On Tue, 2012-09-11 at 12:40 -0700, Simon Kirby wrote:
> On Mon, Sep 10, 2012 at 09:00:37AM +0000, Yan-Pai Chen wrote:
> 
> > Hi Trond,
> > 
> > Apologies for my late response.
> > Upgrading to kernel 3.5 requires some effort. I am still working on it.
> > 
> > After applying your patch on 3.3 kernel, the problem is gone when using UDP 
> > mounts.
> > But it remains hang in the case of NFS over TCP mounts. 
> > 
> > I reproduced the problem by executing mm/mtest06_3 (i.e. mmap3) in the LTP test 
> > suite repeatedly.
> > About less than 200 times, it eventually ran into the CLOSE_WAIT hang.
> > I got the following messages after enabling rpc_debug & nfs_debug:
> > 
> > 47991 0001    -11 cf2910e0   (null)        0 c0243f40 nfsv3 WRITE 
> > a:call_reserveresult q:xprt_sending
> > 47992 0001    -11 cf2910e0   (null)        0 c0243f40 nfsv3 WRITE 
> > a:call_reserveresult q:xprt_sending
> > 47993 0001    -11 cf2910e0   (null)        0 c0243f40 nfsv3 WRITE 
> > a:call_reserveresult q:xprt_sending
> > 47994 0001    -11 cf2910e0   (null)        0 c0243f40 nfsv3 WRITE 
> > a:call_reserveresult q:xprt_sending
> > 47995 0001    -11 cf2910e0   (null)        0 c0243f40 nfsv3 WRITE 
> > a:call_reserveresult q:xprt_sending
> > ...
> 
> Hello!
> 
> This problem still bites us rarely, and we've been using TCP NFS for some
> time.
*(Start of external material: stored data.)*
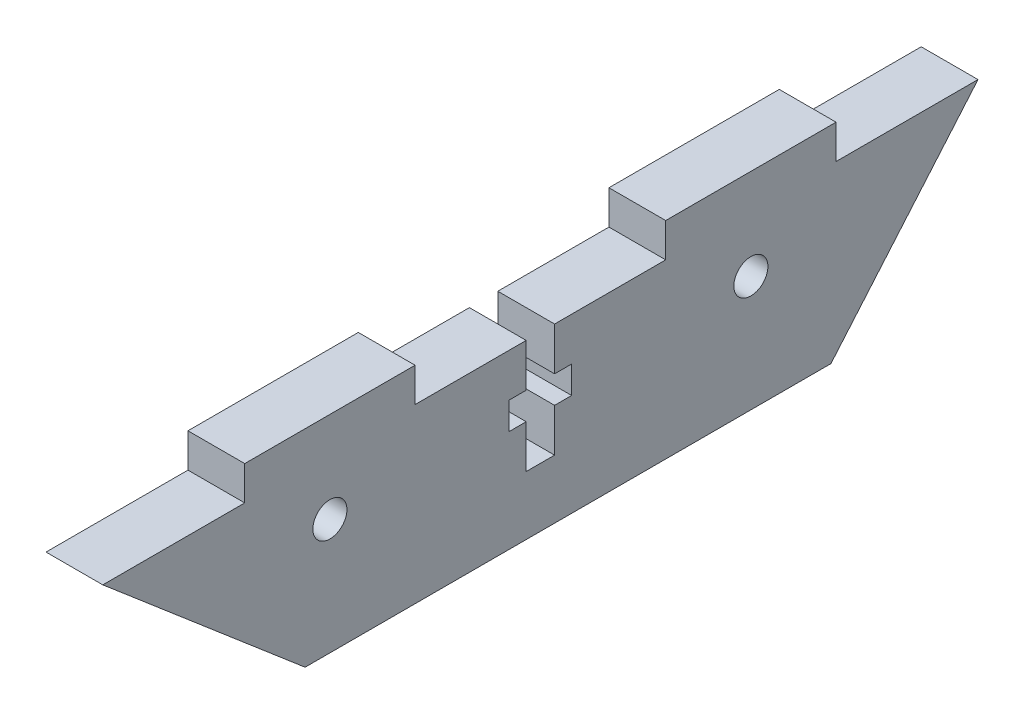
SolidWorks part; units mm, degrees
material "PMMA"
ref_plane "Front Plane" through (0, 0, 0) normal (0, 0, 1) x (1, 0, 0)
ref_plane "Top Plane" through (0, 0, 0) normal (0, 1, 0) x (1, 0, 0)
ref_plane "Right Plane" through (0, 0, 0) normal (1, 0, 0) x (0, 0, -1)
sketch "Schizzo1" plane through (0, 0, 0) normal (1, 0, 0) x (0, 0, -1)
  line L0 (-38.535, -7.595) -> (38.535, 7.595) construction
  line L1 (-38.535, 7.595) -> (38.535, 7.595)
  line L2 (-38.535, 7.595) -> (-38.535, -7.595)
  line L3 (-38.535, -7.595) -> (38.535, -7.595)
  line L4 (38.535, 7.595) -> (38.535, -7.595)
  point P4 (0, 0)
  dimension "D1" = 15.19
  dimension "D2" = 77.07
extrude "Estrusione-Estrusione1" add sketch "Schizzo1" along normal blind 5
sketch "Schizzo3" plane through (0, 0, 0) normal (1, 0, 0) x (0, 0, -1)
  line L0 (-38.535, 7.595) -> (-38.535, -7.595) construction
  line L1 (38.535, 7.595) -> (-38.535, 7.595) construction
  line L2 (38.535, -7.595) -> (38.535, 7.595) construction
  circle A0 centre (-18.535, 2.595) radius 1.5
  circle A1 centre (18.535, 2.595) radius 1.5
  dimension "D1" = 3
  dimension "D2" = 20
  dimension "D3" = 5
  dimension "D4" = 20
  dimension "D5" = 5
sketch "Schizzo2" plane through (0, 0, 0) normal (1, 0, 0) x (0, 0, -1)
  line L0 (38.535, 7.595) -> (25.5844, -7.595)
  line L1 (-38.535, -7.595) -> (38.535, -7.595) construction
  line L2 (25.5844, -7.595) -> (38.535, -7.595)
  line L3 (38.535, -7.595) -> (38.535, 7.595)
  line L4 (-38.535, 7.595) -> (-38.535, -7.595)
  line L5 (-38.535, -7.595) -> (-20.7183, -7.595)
  line L6 (-20.7183, -7.595) -> (-38.535, 7.595)
  line L7 (38.535, 7.595) -> (-38.535, 7.595) construction
  dimension "D1" = 49.55
  dimension "D2" = 40.45
extrude "Taglio-Estrusione1" cut sketch "Schizzo2" along direction (1, 0, 0) on the side of the normal through all
extrude "Taglio-Estrusione2" cut sketch "Schizzo3" along direction (1, 0, 0) on the side of the normal through all
sketch "Schizzo4" plane through (0, 7.595, 0) normal (0, 1, 0) x (1, 0, 0)
  line L0 (5, 18.535) -> (0, 18.535) construction
  line L1 (5, 38.535) -> (5, -38.535) construction
  line L2 (0, 38.535) -> (0, -38.535) construction
  line L4 (5, 38.535) -> (0, 38.535) construction
  line L6 (5, 0) -> (0, 0) construction
  line L7 (0, 26.035) -> (5, 26.035)
  line L8 (0, 26.035) -> (0, 11.035)
  line L9 (0, 11.035) -> (5, 11.035)
  line L10 (5, 26.035) -> (5, 11.035)
  line L11 (0, -26.035) -> (0, -11.035)
  line L12 (0, -26.035) -> (5, -26.035)
  line L13 (5, -26.035) -> (5, -11.035)
  line L14 (0, -11.035) -> (5, -11.035)
  point P16 (5, 18.535)
  dimension "D1" = 20
  dimension "D2" = 12.5
  dimension "D3" = 15
extrude "Estrusione-Estrusione2" add sketch "Schizzo4" along normal blind 3
sketch "Schizzo6" plane through (0, 0, 0) normal (1, 0, 0) x (0, 0, -1)
  line L0 (0, -2.405) -> (0, 7.595) construction
  line L1 (-1.25, -2.405) -> (-1.25, 1.395)
  line L2 (-1.25, 1.395) -> (-2.75, 1.395)
  line L3 (-2.75, 1.395) -> (-2.75, 3.795)
  line L4 (-2.75, 3.795) -> (-1.25, 3.795)
  line L5 (-1.25, 3.795) -> (-1.25, 7.595)
  line L6 (-1.25, 7.595) -> (1.25, 7.595)
  line L7 (1.25, 7.595) -> (1.25, 3.795)
  line L8 (1.25, 3.795) -> (2.75, 3.795)
  line L9 (2.75, 3.795) -> (2.75, 1.395)
  line L10 (2.75, 1.395) -> (1.25, 1.395)
  line L11 (1.25, 1.395) -> (1.25, -2.405)
  line L12 (1.25, -2.405) -> (-1.25, -2.405)
  line L13 (0, 7.595) -> (0, -7.595) construction
  line L14 (11.035, 7.595) -> (-11.035, 7.595) construction
  line L15 (-20.7183, -7.595) -> (25.5844, -7.595) construction
  point P14 (0, -2.405)
  dimension "D1" = 2.4
  dimension "D2" = 10
  dimension "D3" = 90
  dimension "D4" = 90
  dimension "D5" = 2.5
  dimension "D6" = 5.5
extrude "Taglio-Estrusione3" cut sketch "Schizzo6" along normal through all
equation "\"Thickness5\"= 5"
equation "\"D1@Estrusione-Estrusione1\"=\"Thickness5\""
equation "\"D1@Estrusione-Estrusione2\"=\"Thickness3\""
equation "\"Thickness3\"= 3"

However, our case seems to be narrowed it down to a very long
> storage hang on the knfsd side. If storage never has any problems, we
> don't see the NFS client hang. I was going to try to make a test-case by
> forcing the server to hang, but I never got around to this. Meanwhile,
> I've been running the clients with the debugging patches I posted
> earlier, and it always prints the 'xprt_force_disconnect(): setting
> XPRT_CLOSE_WAIT" warning before hanging. If Apache is in sendfile() at
> the time, it seems to get stuck forever; otherwise, it might recover.

Does the "if (test_and_set_bit(XPRT_LOCK) == 0)" condition immediately
following that succeed so that queue_work() is called?

> http://www.spinics.net/lists/linux-nfs/msg29495.html
> http://0x.ca/sim/ref/3.2.10/dmesg
> 
> I suppose we could try 3.5 at this point.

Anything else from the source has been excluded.